FOCAL (programming Language) - Efficiency

Efficiency

FOCAL ran on very low-end PDP-8 systems, even systems with only 4K words of memory and lacking mass storage. The FOCAL interpreter was written in very tight assembly language and typically used only 3K 12-bit words, leaving a somewhat limiting 1K words to hold the user program, and variables.

If the system was upgraded by adding one or more extra 4K banks of memory, FOCAL could use that extra memory, either for a single user, or split the extra memory across several time-sharing users. FOCAL made extensive use of interrupt-driven terminal I/O, so it could keep four teleprinters busily whirring with nary a pause.

Memory space was too precious for storing textual error messages, so FOCAL used a clever work-around: error messages instead displayed the start address of the error-managing routine as a floating-point number. For example, in the FOCAL-69 implementation the division by zero error was managed by code starting at memory address octal 4333; division by zero at a program line numbered 01.10 produced the error message ?28.73 @ 01.10, where 28.73 represents memory page 28 plus an offset of 73 words. Most FOCAL sites had an "error number to error message" listing taped up near the terminals.

Comparisons between FOCAL and BASIC were inevitable since both languages were common on smallish computers of the same era. FOCAL lacked inherent support for strings as data elements which could be assigned to variables. This is generally thought to be a serious deficiency as compared to the string capabilities in most BASICs. This deficiency, while serious, was not as utterly crippling as it might sound. A surprising amount of string usage in FOCAL programs is devoted to formatting user output. Since FOCAL output was character-stream-oriented, outputting two strings sequentially could sometimes substitute for concatenating them, and procedural tools could be written for performing complex formatted output.

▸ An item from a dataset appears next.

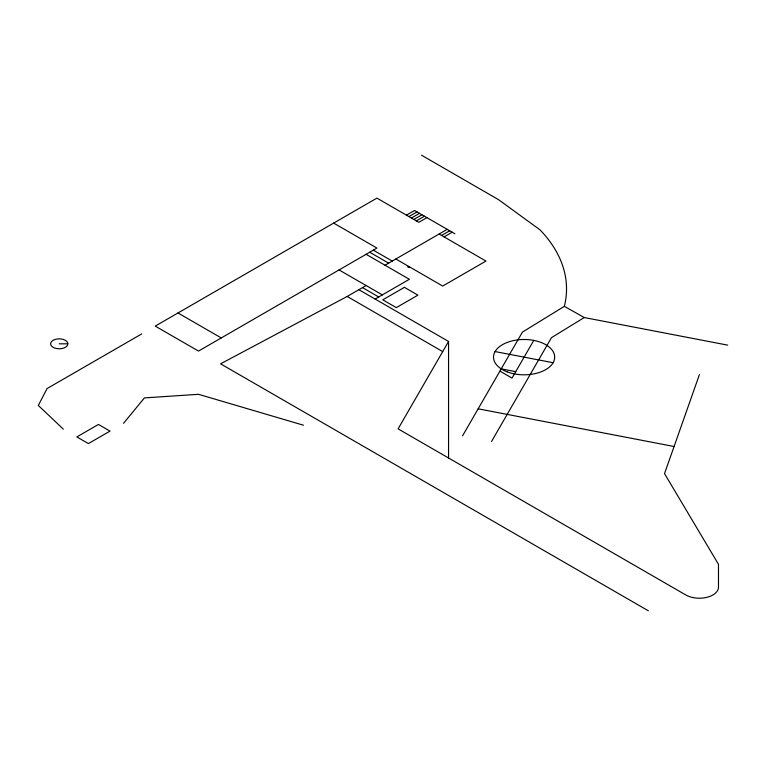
<?xml version="1.0" encoding="UTF-8"?>
<svg xmlns="http://www.w3.org/2000/svg" width="766" height="766" viewBox="0 0 766 766"><rect width="100%" height="100%" fill="white"/><g stroke="black" fill="none" stroke-linecap="round" stroke-linejoin="round"><path stroke-width="1.15" d="M699.415 374.603L664.524 473.627L718.479 564.293L718.479 587.187A19.112 11.04 0 0 1 706.683 597.384A19.112 11.04 0 0 1 685.848 594.99L398.1 428.864L448.56 341.454L358.9 289.692M462.53 435.883L522.45 332.09L564.36 306.333L584.238 317.536L727.7 345.14M533.778 340.401L512.014 378.088L499.93 371.108M491.542 441.465L551.472 337.672L584.238 317.536M123.537 423.301L144.429 397.908L198.499 394.308L303.48 425.216M141.72 333.909L47.099 388.544L38.3 405.453L63.319 429.123M406.43 215.16L414.54 210.478L454.87 233.754M408.91 216.587L417.02 211.904M411.39 218.023L419.5 213.341M413.87 219.449L421.98 214.767M416.35 220.886L424.46 216.204M426.93 217.63L418.82 222.312L376.92 198.116L155.239 326.105L198.499 351.077L376.92 248.069L333.67 223.097M385.03 265.237L447.21 229.34M441.58 235.449L449.69 230.767M444.06 236.886L452.17 232.194M648.333 610.789L220.57 363.831L347.18 296.452L366.11 285.526M408.69 266.405L407.78 266.922L408.69 267.449L409.59 266.922M375.12 299.056L409.36 279.284L366.11 254.312M59.231 343.819L67.829 343.819A8.598 4.969 0 0 1 54.922 348.118A8.598 4.969 0 0 1 54.922 339.51A8.598 4.969 0 0 1 67.829 343.819M495.095 351.565L553.119 362.73M501.223 368.867L515.729 371.654M478.166 408.805L674.08 446.511M421.549 155.211L498.57 199.677L540.03 229.857A210.688 121.641 0 0 1 564.36 306.333M439.1 234.023L485.96 261.072L442.7 286.044L395.84 258.994M373.32 250.147L392.24 261.072M369.71 252.225L388.64 263.15M339.07 269.919L382.33 294.891M362.5 287.604L378.72 296.969M347.18 296.452L442.7 351.604M177.99 312.968L221.25 337.94M448.56 341.454L448.56 457.991M98.469 424.441L76.839 436.926L88.396 443.591L110.017 431.105L98.469 424.441M404.41 287.346L382.78 299.832L396.3 307.635L417.92 295.149L404.41 287.346M507.111 371.836A30.583 17.656 0 0 0 554.622 358.306A30.583 17.656 0 0 0 510.577 341.31A30.583 17.656 0 0 0 507.111 371.836"/></g></svg>

A limited amount of string input could be done, so a program could ask simple Yes/No questions, but this was really a kludge. For example, if you typed "HELLO" at an input statement, FOCAL would convert the H to "8", then interpret the "E" as starting an exponent, then it would try to compute "8" to the "LLO" power, which would take several seconds of CPU time and result in a value of 0.76593020E+103, not a particularly helpful response.

It is generally agreed that FOCAL was more efficient in its use of resources than comparable BASIC systems. On a typical machine of the day (often with 6 to 24 kilobytes of core memory), FOCAL could handle larger and more complex programming tasks than BASIC.

FOCAL's PDP-8 implementation used a floating point representation that represented numbers as four 12-bit words, with thirty-six bits of mantissa and twelve bits of exponent. This allowed for both significantly higher precision and a significantly wider range of values than most other low-end programming systems, and made it a reasonable choice for serious numerical work. This high precision, and good choices for default decimal output formatting, meant that difficulties with binary-to-decimal rounding were not evident to beginning users.